While blockchains are often wholly identified as permissionless (Bitcoin) or permissioned (Hyperledger), there are actually two facets to Blockchain permissions.
One facet of Blockchain permissions are based on what people can do on the Blockchain. For example, in a public park you don’t have to have a ticket to get into the park. Access to the park is permissionless as is all of the play equipment. In contrast, an amusement park may have a variety of permissions required based on tickets, size and health restrictions. Moreover, people have permissions based on roles. In a playground, anyone can ride or operate the playground equipment. In an amusement park, only employees can operate amusements and even within the employees there may be different permissions.
How can blockchain improve product reviews? (1) Verified identity for “wallets”. (2) Products transferred as purchased to wallet via n oracle function.
Note that US medical regulations require any comments about adverse reactions with drugs be reported to the manufacturer. Therefore, being able to provide information to pharmaceutical companies is required for compliance.
Group Participation
Key Questions -
Are there multiple roles to be played as part of the solution? Do different people have different access rights?

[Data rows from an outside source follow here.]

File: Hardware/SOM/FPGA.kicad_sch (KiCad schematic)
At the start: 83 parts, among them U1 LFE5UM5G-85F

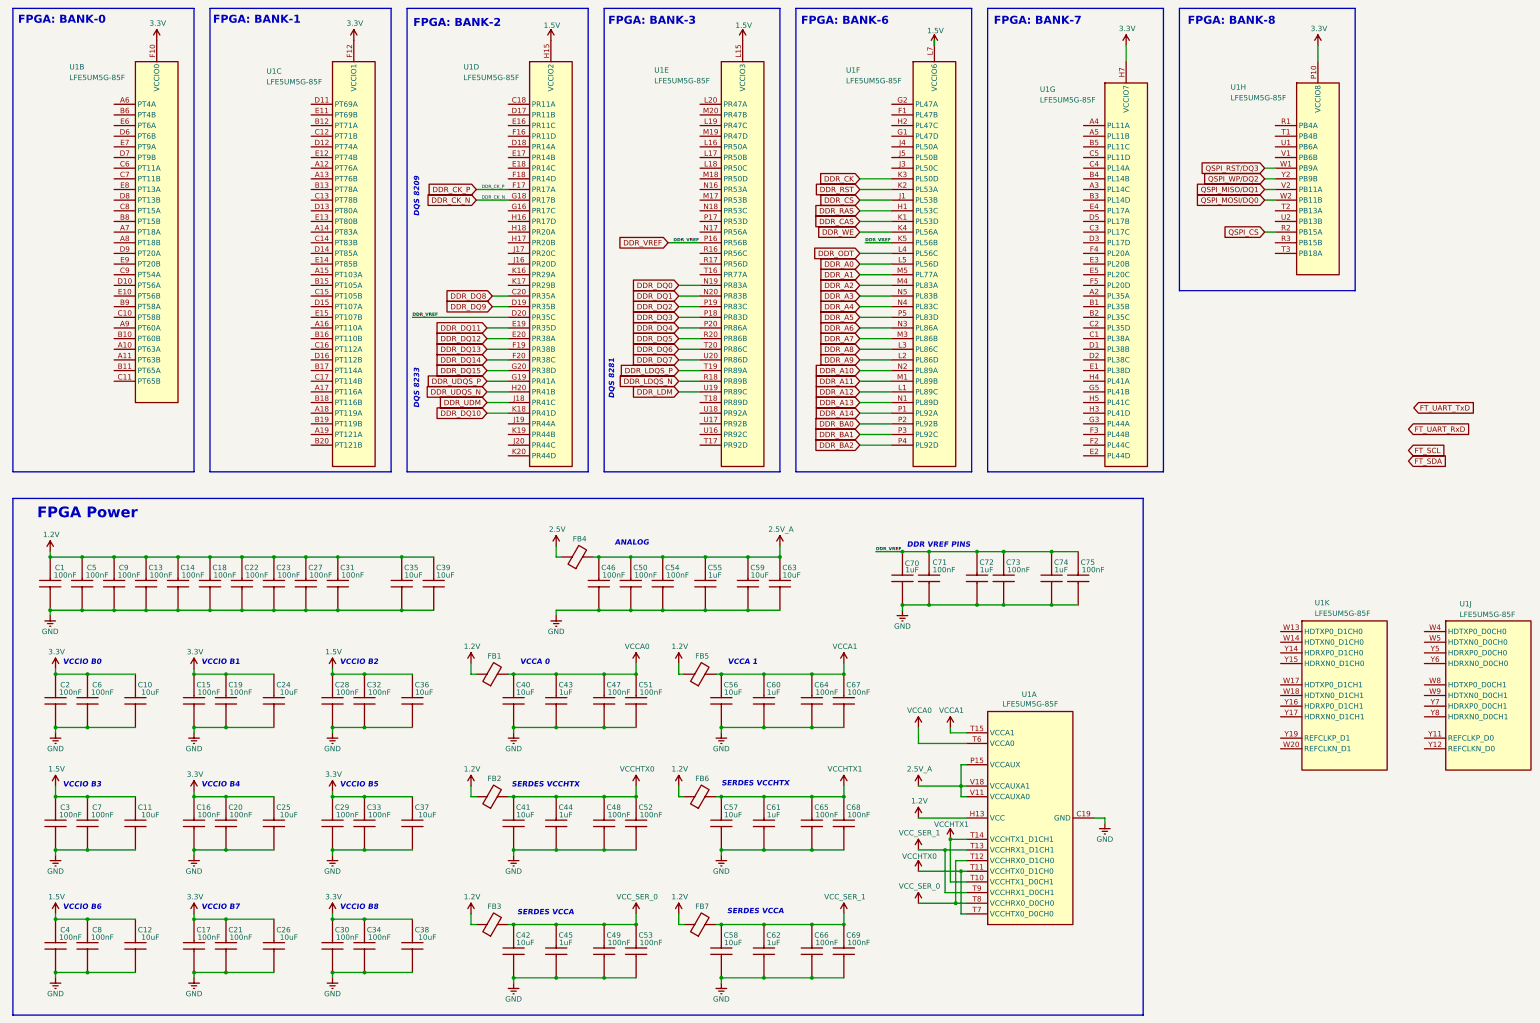
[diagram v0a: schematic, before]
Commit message: SOM stack-up JLC06161H-3313
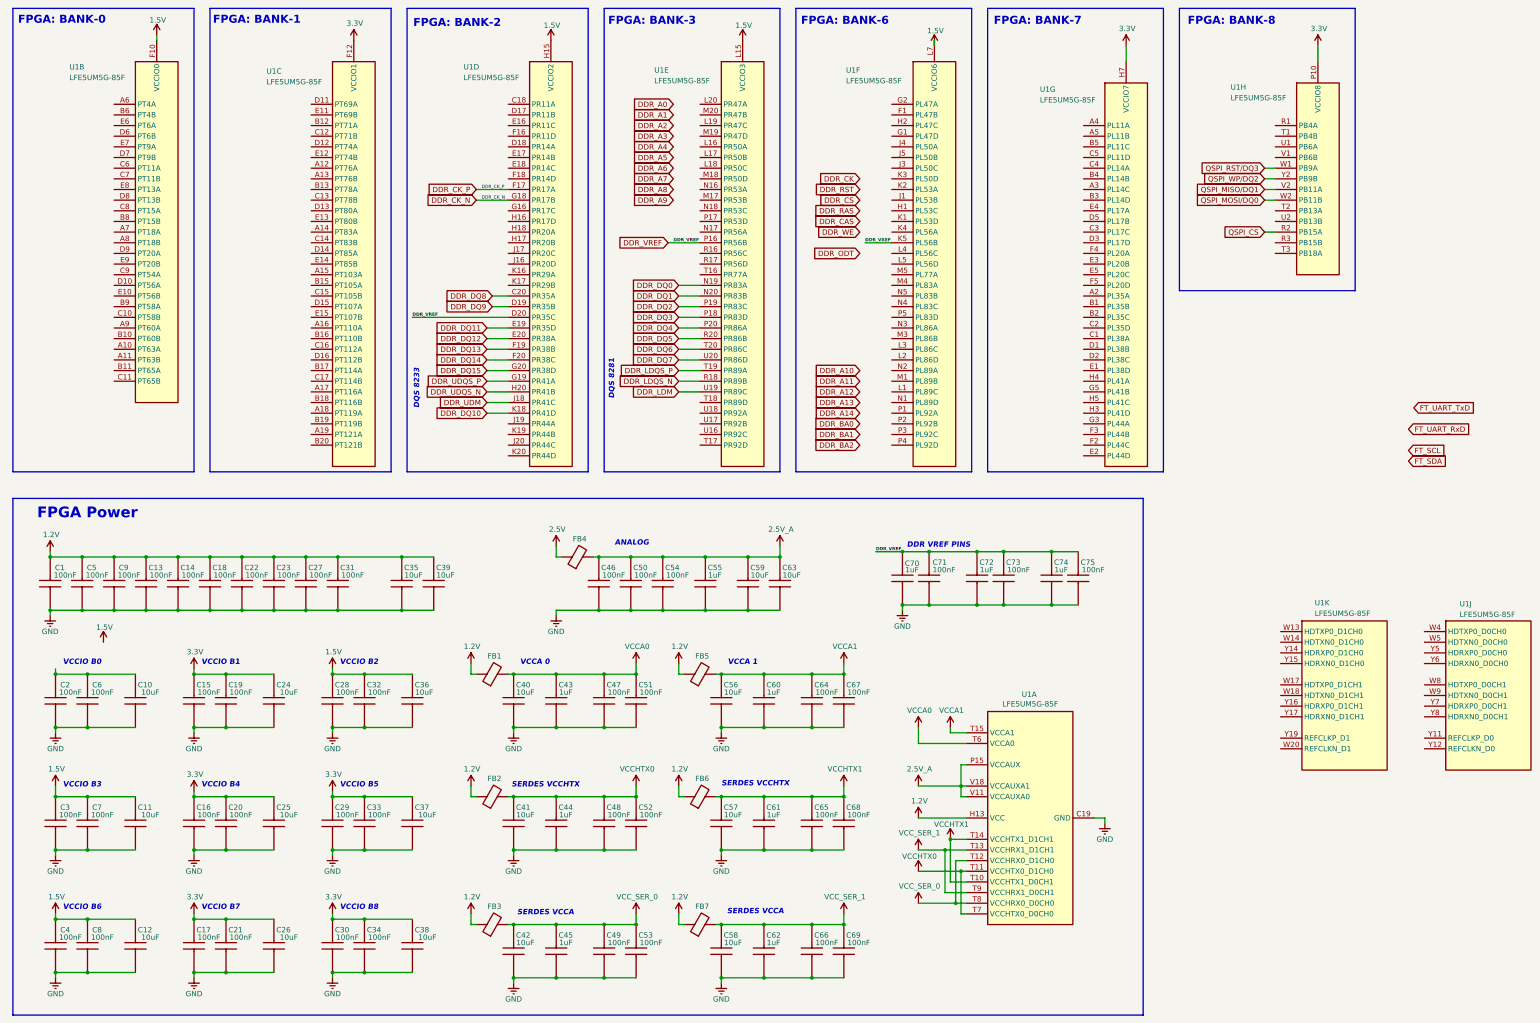
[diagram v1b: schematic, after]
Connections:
- net 1.5V: now also U1.F10 (VCCIO0), U1.F9 (VCCIO0)
- net 3.3V: no longer C10.2, C2.2, C6.2, U1.F10 (VCCIO0), U1.F9 (VCCIO0)
- net DDR_A0: no longer U1.L5 (PL56D)
- net DDR_A1: no longer U1.M5 (PL77A)
- net DDR_A10: no longer U1.N2 (PL89A)
- net DDR_A11: no longer U1.M1 (PL89B)
- net DDR_A12: no longer U1.L1 (PL89C)
- net DDR_A13: no longer U1.N1 (PL89D)
- net DDR_A14: no longer U1.P1 (PL92A)
- net DDR_A2: no longer U1.M4 (PL83A)
- net DDR_A3: no longer U1.N5 (PL83B)
- net DDR_A4: no longer U1.N4 (PL83C)
- net DDR_A5: no longer U1.P5 (PL83D)
- net DDR_A6: no longer U1.N3 (PL86A)
- net DDR_A7: no longer U1.M3 (PL86B)
- net DDR_A8: no longer U1.L3 (PL86C)
- net DDR_A9: no longer U1.L2 (PL86D)
- net DDR_BA0: no longer U1.P2 (PL92B)
- net DDR_BA1: no longer U1.P3 (PL92C)
- net DDR_BA2: no longer U1.P4 (PL92D)
- net DDR_CAS: no longer U1.K1 (PL53D)
- net DDR_CK: no longer U1.K3 (PL50D)
- net DDR_CS: no longer U1.J1 (PL53B)
- net DDR_ODT: no longer U1.L4 (PL56C)
- net DDR_RAS: no longer U1.H1 (PL53C)
- net DDR_RST: no longer U1.K2 (PL53A)
- net DDR_WE: no longer U1.K4 (PL56A)
- new net: C10.2, C2.2, C6.2
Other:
- note removed: "DQS 8209"

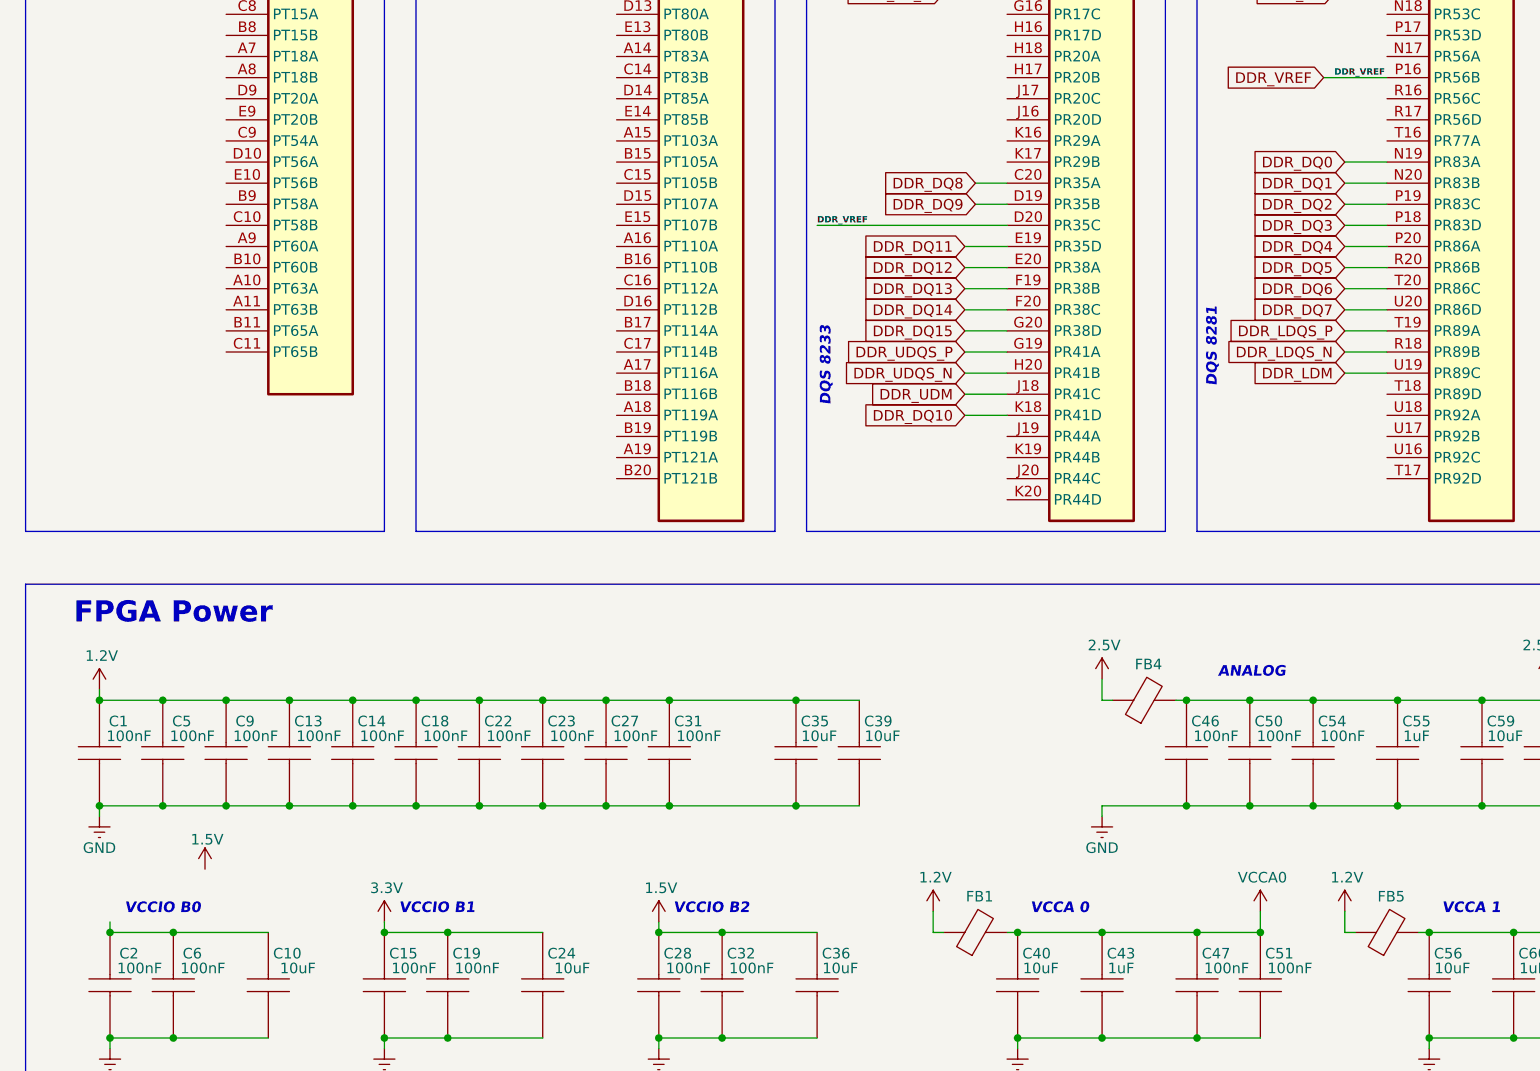
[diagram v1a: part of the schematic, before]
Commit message: some net names added
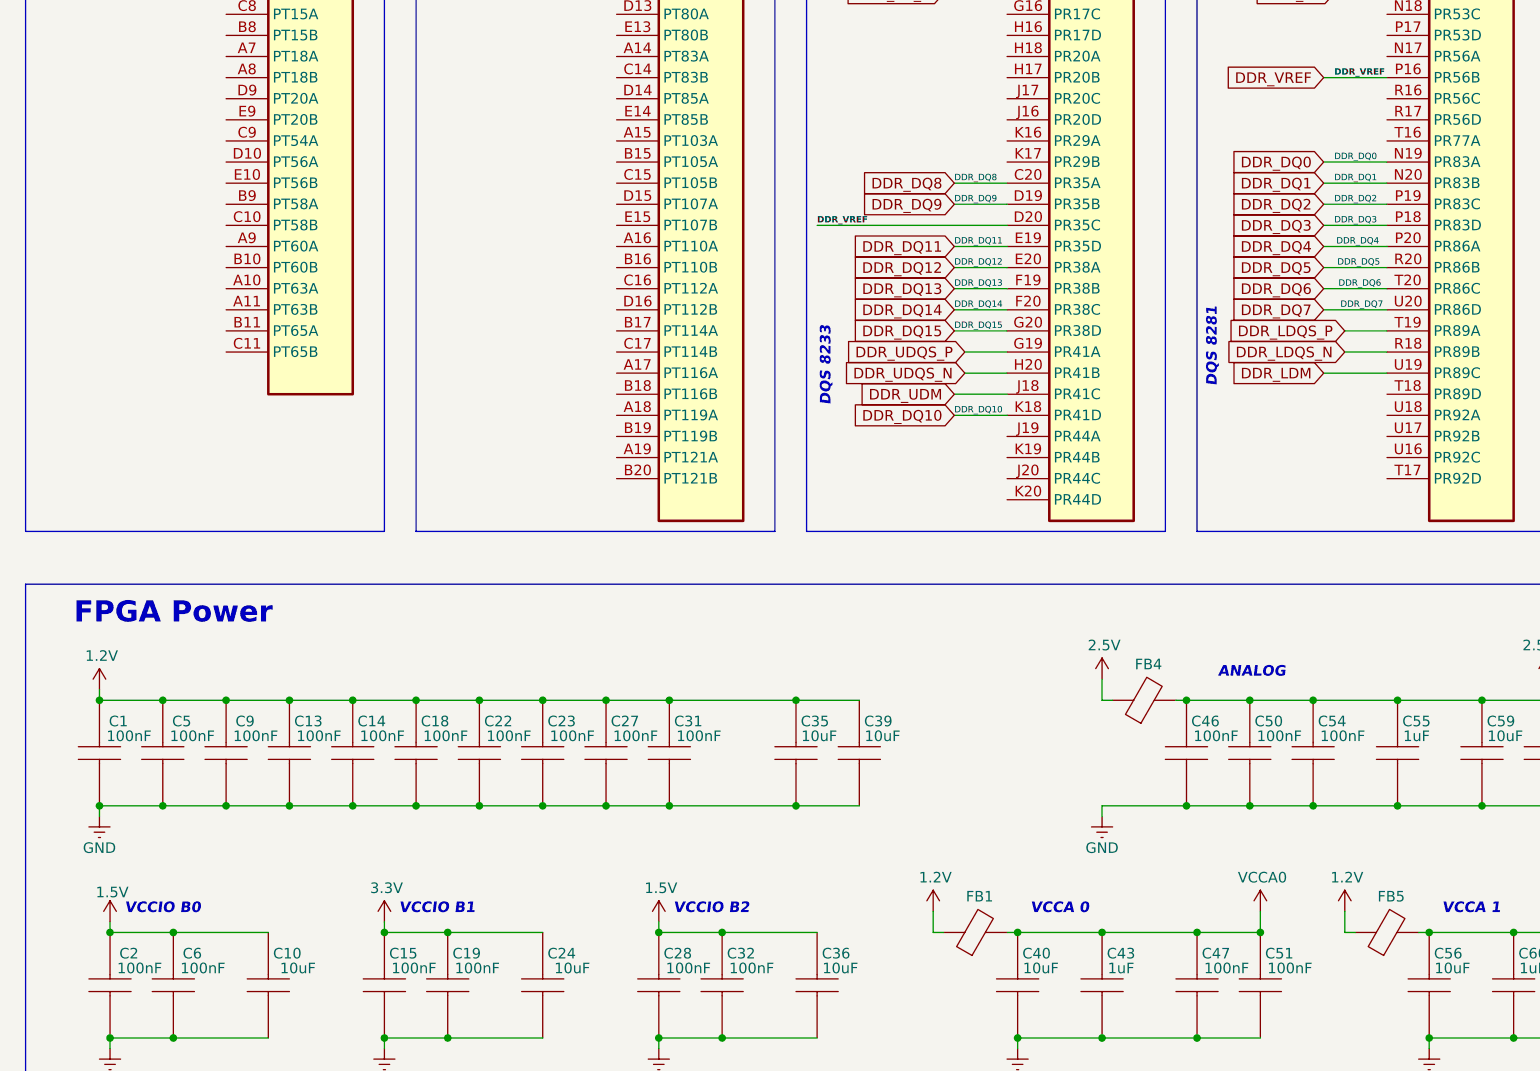
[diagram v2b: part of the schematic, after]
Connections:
- net 1.5V: now also C10.2, C2.2, C6.2

Is there a need for audit level access that provides a view of all data for security or compliance reasons?
Are there one way transactions? e.g Transactions that one party can initiate and a second party cannot refuse?
The other facet of Blockchain permissions is block production. Think of a swap meet versus a shopping mall. At a swap meet, anyone can join the marketplace as a seller and the people involved can change day to day, week to week. In a shopping mall, a store must be leased and malls and shopping centers can be very particular about which businesses occupy their shopping centers.
Group Participation
Key Questions -
Are there data security concerns about who has copies of data?
Can you maintain a large enough network?
The other aspect of Blockchain is Public vs Private Blockchain. This is another tool for managing the blockchain a network and can change the nature of things quickly. For example, if you take a permissionless blockchain but run it on a closed network, a new node for block production can be added if someone has access to the network. So, accessibility can be used to change the nature of a blockchain.
Discuss laws and regulations around data and attack vectors
Group Participation
Key Questions -
Are there data security concerns about who has copies of data for block production?
Can anyone join as a participant?
Can the data be stored on Internet facing machines?
Do you care where the data is stored – legal jurisdiction and confidence in block production node operator?
What roles / permission sets are required to enable the network?
What are the different valid scopes of data visibility?